WORK TO BE COMPLETED:
The reply to the records below should contain exactly the lines from the line with "#129=CIRCLE('',#128,12.475);" through the line with "#182=AXIS2_PLACEMENT_3D('',#179,#180,#181);", and nothing besides.

Extracted data entries:
_ _ _

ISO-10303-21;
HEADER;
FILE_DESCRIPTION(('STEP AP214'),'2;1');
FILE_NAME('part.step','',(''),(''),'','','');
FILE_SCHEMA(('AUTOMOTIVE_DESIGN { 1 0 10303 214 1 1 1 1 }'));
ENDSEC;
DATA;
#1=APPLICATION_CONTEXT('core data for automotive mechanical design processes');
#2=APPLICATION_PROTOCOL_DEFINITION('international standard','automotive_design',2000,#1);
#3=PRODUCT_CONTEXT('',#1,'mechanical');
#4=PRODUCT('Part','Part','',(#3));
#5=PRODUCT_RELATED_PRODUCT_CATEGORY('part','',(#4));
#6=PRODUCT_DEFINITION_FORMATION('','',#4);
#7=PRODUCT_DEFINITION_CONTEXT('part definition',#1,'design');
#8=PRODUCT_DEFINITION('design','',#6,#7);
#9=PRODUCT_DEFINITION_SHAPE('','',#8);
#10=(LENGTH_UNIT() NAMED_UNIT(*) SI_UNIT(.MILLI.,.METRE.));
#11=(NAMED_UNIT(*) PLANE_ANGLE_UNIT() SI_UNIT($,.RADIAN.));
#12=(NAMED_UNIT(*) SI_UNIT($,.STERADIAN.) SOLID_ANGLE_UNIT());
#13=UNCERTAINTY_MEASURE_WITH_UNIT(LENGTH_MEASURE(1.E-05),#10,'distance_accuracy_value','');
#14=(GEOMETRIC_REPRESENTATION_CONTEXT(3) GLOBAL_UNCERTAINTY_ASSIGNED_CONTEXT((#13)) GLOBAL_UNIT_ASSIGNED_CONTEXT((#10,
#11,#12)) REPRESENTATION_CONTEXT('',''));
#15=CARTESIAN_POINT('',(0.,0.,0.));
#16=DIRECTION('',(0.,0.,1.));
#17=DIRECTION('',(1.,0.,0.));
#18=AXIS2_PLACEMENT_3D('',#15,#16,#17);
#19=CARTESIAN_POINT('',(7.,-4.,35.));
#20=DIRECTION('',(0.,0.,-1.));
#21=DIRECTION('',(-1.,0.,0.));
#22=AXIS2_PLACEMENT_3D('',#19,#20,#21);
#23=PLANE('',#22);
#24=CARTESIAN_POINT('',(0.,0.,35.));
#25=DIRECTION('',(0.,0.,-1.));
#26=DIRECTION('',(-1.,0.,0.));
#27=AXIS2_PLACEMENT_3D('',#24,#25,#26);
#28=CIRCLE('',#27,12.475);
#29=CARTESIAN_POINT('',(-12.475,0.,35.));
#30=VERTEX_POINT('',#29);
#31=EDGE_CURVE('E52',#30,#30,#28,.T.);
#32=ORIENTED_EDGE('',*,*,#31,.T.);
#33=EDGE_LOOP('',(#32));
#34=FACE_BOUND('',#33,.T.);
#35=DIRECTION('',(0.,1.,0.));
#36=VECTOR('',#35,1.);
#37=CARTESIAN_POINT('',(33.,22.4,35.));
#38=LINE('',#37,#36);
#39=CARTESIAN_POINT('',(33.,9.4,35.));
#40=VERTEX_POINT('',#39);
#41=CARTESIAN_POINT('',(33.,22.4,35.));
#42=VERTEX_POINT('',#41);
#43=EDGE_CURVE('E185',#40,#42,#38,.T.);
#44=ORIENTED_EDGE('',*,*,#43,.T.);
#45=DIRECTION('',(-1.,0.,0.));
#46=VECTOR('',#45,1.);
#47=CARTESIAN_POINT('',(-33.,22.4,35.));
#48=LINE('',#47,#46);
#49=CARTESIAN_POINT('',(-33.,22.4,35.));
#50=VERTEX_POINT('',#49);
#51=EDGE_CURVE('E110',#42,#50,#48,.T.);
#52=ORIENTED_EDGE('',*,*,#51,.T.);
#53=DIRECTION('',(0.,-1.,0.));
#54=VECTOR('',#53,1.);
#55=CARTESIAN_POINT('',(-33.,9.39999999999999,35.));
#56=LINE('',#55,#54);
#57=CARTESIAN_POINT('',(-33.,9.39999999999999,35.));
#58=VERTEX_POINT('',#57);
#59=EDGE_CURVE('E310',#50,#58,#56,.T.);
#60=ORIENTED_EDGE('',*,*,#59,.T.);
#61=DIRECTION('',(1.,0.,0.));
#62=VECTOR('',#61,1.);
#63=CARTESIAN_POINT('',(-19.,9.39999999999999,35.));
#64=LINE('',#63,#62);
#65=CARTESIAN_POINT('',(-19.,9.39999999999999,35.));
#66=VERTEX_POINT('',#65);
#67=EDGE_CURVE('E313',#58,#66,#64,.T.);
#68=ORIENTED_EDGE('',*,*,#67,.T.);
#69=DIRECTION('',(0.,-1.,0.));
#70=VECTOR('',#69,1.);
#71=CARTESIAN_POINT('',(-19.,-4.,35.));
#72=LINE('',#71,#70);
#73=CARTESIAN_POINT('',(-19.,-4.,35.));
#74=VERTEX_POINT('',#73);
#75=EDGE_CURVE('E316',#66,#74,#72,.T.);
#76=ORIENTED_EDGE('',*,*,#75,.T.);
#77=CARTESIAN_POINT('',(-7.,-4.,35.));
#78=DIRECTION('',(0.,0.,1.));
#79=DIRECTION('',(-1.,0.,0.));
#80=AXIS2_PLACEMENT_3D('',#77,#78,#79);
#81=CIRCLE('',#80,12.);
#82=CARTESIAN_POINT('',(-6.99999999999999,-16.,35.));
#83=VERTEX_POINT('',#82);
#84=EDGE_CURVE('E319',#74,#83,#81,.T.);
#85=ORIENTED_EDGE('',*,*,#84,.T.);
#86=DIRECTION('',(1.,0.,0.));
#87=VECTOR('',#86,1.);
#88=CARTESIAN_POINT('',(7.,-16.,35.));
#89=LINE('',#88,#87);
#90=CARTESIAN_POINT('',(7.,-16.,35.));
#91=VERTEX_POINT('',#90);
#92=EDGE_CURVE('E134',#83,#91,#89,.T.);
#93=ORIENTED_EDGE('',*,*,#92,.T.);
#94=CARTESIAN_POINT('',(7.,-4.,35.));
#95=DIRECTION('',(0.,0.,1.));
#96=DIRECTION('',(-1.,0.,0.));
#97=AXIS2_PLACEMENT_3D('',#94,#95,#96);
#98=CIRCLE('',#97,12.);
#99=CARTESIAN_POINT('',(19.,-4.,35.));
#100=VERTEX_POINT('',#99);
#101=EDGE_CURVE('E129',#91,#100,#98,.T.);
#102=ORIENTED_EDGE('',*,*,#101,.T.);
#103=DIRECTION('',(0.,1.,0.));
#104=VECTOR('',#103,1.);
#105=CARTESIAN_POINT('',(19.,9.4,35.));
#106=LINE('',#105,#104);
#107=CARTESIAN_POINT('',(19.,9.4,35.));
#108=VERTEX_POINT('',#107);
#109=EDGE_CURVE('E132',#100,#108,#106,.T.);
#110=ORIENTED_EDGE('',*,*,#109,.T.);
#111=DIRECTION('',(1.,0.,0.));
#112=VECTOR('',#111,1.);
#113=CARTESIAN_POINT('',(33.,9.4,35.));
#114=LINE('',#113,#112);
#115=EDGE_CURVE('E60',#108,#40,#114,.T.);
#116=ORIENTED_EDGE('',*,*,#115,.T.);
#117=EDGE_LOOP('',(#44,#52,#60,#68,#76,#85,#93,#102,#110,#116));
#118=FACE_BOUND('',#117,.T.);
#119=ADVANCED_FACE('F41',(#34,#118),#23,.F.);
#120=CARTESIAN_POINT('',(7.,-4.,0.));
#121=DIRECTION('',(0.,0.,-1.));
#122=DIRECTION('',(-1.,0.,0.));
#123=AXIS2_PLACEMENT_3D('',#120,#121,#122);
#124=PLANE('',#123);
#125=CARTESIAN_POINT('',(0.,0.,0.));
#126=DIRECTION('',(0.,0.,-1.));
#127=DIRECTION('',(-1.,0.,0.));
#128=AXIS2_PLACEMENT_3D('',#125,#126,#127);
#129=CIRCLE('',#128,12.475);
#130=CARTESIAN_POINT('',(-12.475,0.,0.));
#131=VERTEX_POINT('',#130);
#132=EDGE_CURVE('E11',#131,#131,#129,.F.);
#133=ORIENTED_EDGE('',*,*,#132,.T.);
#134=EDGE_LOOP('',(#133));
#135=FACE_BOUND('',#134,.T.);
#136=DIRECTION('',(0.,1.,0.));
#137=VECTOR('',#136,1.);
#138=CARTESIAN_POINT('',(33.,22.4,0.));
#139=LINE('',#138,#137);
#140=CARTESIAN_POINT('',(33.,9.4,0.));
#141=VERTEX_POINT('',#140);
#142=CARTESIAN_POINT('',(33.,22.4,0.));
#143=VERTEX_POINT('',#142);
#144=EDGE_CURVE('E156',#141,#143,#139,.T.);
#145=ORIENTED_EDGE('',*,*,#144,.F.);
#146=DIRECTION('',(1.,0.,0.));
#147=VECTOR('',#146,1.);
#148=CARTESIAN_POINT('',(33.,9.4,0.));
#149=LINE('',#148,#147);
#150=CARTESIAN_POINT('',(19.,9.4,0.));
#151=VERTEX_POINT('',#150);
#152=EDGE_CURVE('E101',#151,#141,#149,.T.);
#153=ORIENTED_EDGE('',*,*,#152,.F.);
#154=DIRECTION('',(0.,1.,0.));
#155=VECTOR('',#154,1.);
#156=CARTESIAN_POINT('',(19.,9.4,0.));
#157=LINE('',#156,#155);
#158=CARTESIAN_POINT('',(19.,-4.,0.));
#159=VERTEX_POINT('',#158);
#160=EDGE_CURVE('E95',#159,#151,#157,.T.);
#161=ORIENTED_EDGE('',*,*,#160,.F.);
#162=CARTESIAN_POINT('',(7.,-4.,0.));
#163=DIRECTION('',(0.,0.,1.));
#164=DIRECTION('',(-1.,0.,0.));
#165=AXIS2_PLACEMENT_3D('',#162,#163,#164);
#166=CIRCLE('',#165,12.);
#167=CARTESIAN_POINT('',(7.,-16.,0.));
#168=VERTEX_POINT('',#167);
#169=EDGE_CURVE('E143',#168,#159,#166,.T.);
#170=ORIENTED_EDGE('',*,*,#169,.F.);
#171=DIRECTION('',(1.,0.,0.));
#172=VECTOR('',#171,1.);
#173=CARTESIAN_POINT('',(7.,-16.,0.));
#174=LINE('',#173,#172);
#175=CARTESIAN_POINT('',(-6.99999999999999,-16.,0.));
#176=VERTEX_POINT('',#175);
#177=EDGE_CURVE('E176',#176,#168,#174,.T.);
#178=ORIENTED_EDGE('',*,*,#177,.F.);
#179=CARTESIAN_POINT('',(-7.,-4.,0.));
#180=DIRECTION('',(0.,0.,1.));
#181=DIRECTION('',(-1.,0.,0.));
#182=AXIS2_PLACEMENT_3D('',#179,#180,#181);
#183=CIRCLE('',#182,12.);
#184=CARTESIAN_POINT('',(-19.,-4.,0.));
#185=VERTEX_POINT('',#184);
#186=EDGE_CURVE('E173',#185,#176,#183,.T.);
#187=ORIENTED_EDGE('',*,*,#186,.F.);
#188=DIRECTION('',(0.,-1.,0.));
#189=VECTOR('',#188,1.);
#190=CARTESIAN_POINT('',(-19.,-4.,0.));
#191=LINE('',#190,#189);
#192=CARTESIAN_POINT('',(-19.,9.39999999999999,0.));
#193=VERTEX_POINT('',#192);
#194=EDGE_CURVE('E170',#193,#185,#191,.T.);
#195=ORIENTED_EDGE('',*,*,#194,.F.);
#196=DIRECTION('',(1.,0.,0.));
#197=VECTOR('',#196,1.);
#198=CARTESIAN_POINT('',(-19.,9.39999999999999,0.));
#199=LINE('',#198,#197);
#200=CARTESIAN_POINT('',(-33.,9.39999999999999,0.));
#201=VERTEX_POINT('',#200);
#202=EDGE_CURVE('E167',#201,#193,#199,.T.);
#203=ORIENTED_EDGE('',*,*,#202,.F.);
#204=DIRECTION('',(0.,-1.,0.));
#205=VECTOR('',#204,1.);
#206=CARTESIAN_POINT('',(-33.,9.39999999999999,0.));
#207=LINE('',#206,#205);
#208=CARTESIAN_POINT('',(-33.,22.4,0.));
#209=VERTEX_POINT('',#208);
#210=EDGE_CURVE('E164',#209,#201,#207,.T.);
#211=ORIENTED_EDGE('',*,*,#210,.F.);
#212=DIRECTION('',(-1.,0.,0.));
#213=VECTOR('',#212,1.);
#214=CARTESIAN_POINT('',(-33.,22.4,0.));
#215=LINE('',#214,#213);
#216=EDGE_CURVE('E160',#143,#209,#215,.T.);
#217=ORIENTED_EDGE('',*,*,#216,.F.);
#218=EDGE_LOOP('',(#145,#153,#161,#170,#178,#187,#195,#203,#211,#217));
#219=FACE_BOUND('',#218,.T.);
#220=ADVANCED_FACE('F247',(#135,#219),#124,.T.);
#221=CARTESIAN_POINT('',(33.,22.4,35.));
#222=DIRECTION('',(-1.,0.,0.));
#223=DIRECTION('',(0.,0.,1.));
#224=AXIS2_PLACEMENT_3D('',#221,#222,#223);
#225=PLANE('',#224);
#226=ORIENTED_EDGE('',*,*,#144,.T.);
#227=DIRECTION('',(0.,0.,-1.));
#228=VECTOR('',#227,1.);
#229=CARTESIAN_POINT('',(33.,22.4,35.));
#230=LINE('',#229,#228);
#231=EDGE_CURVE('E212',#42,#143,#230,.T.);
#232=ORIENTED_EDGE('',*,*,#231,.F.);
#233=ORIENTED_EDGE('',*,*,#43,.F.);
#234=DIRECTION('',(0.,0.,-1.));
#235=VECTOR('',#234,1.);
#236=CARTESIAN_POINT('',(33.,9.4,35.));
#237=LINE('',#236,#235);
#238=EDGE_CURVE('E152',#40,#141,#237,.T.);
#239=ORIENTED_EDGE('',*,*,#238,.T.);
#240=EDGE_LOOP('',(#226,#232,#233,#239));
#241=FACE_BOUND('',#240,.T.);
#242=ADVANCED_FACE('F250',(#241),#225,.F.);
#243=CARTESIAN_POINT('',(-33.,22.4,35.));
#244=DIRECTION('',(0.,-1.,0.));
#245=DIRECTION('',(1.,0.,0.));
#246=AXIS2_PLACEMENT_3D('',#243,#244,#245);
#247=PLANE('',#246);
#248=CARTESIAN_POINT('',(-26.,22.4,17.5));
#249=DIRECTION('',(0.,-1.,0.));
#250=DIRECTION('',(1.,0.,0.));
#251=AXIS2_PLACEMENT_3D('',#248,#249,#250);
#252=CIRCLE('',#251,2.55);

_ _ _

TASK RESULT:
#129=CIRCLE('',#128,12.475);
#130=CARTESIAN_POINT('',(-12.475,0.,0.));
#131=VERTEX_POINT('',#130);
#132=EDGE_CURVE('E11',#131,#131,#129,.F.);
#133=ORIENTED_EDGE('',*,*,#132,.T.);
#134=EDGE_LOOP('',(#133));
#135=FACE_BOUND('',#134,.T.);
#136=DIRECTION('',(0.,1.,0.));
#137=VECTOR('',#136,1.);
#138=CARTESIAN_POINT('',(33.,22.4,0.));
#139=LINE('',#138,#137);
#140=CARTESIAN_POINT('',(33.,9.4,0.));
#141=VERTEX_POINT('',#140);
#142=CARTESIAN_POINT('',(33.,22.4,0.));
#143=VERTEX_POINT('',#142);
#144=EDGE_CURVE('E156',#141,#143,#139,.T.);
#145=ORIENTED_EDGE('',*,*,#144,.F.);
#146=DIRECTION('',(1.,0.,0.));
#147=VECTOR('',#146,1.);
#148=CARTESIAN_POINT('',(33.,9.4,0.));
#149=LINE('',#148,#147);
#150=CARTESIAN_POINT('',(19.,9.4,0.));
#151=VERTEX_POINT('',#150);
#152=EDGE_CURVE('E101',#151,#141,#149,.T.);
#153=ORIENTED_EDGE('',*,*,#152,.F.);
#154=DIRECTION('',(0.,1.,0.));
#155=VECTOR('',#154,1.);
#156=CARTESIAN_POINT('',(19.,9.4,0.));
#157=LINE('',#156,#155);
#158=CARTESIAN_POINT('',(19.,-4.,0.));
#159=VERTEX_POINT('',#158);
#160=EDGE_CURVE('E95',#159,#151,#157,.T.);
#161=ORIENTED_EDGE('',*,*,#160,.F.);
#162=CARTESIAN_POINT('',(7.,-4.,0.));
#163=DIRECTION('',(0.,0.,1.));
#164=DIRECTION('',(-1.,0.,0.));
#165=AXIS2_PLACEMENT_3D('',#162,#163,#164);
#166=CIRCLE('',#165,12.);
#167=CARTESIAN_POINT('',(7.,-16.,0.));
#168=VERTEX_POINT('',#167);
#169=EDGE_CURVE('E143',#168,#159,#166,.T.);
#170=ORIENTED_EDGE('',*,*,#169,.F.);
#171=DIRECTION('',(1.,0.,0.));
#172=VECTOR('',#171,1.);
#173=CARTESIAN_POINT('',(7.,-16.,0.));
#174=LINE('',#173,#172);
#175=CARTESIAN_POINT('',(-6.99999999999999,-16.,0.));
#176=VERTEX_POINT('',#175);
#177=EDGE_CURVE('E176',#176,#168,#174,.T.);
#178=ORIENTED_EDGE('',*,*,#177,.F.);
#179=CARTESIAN_POINT('',(-7.,-4.,0.));
#180=DIRECTION('',(0.,0.,1.));
#181=DIRECTION('',(-1.,0.,0.));
#182=AXIS2_PLACEMENT_3D('',#179,#180,#181);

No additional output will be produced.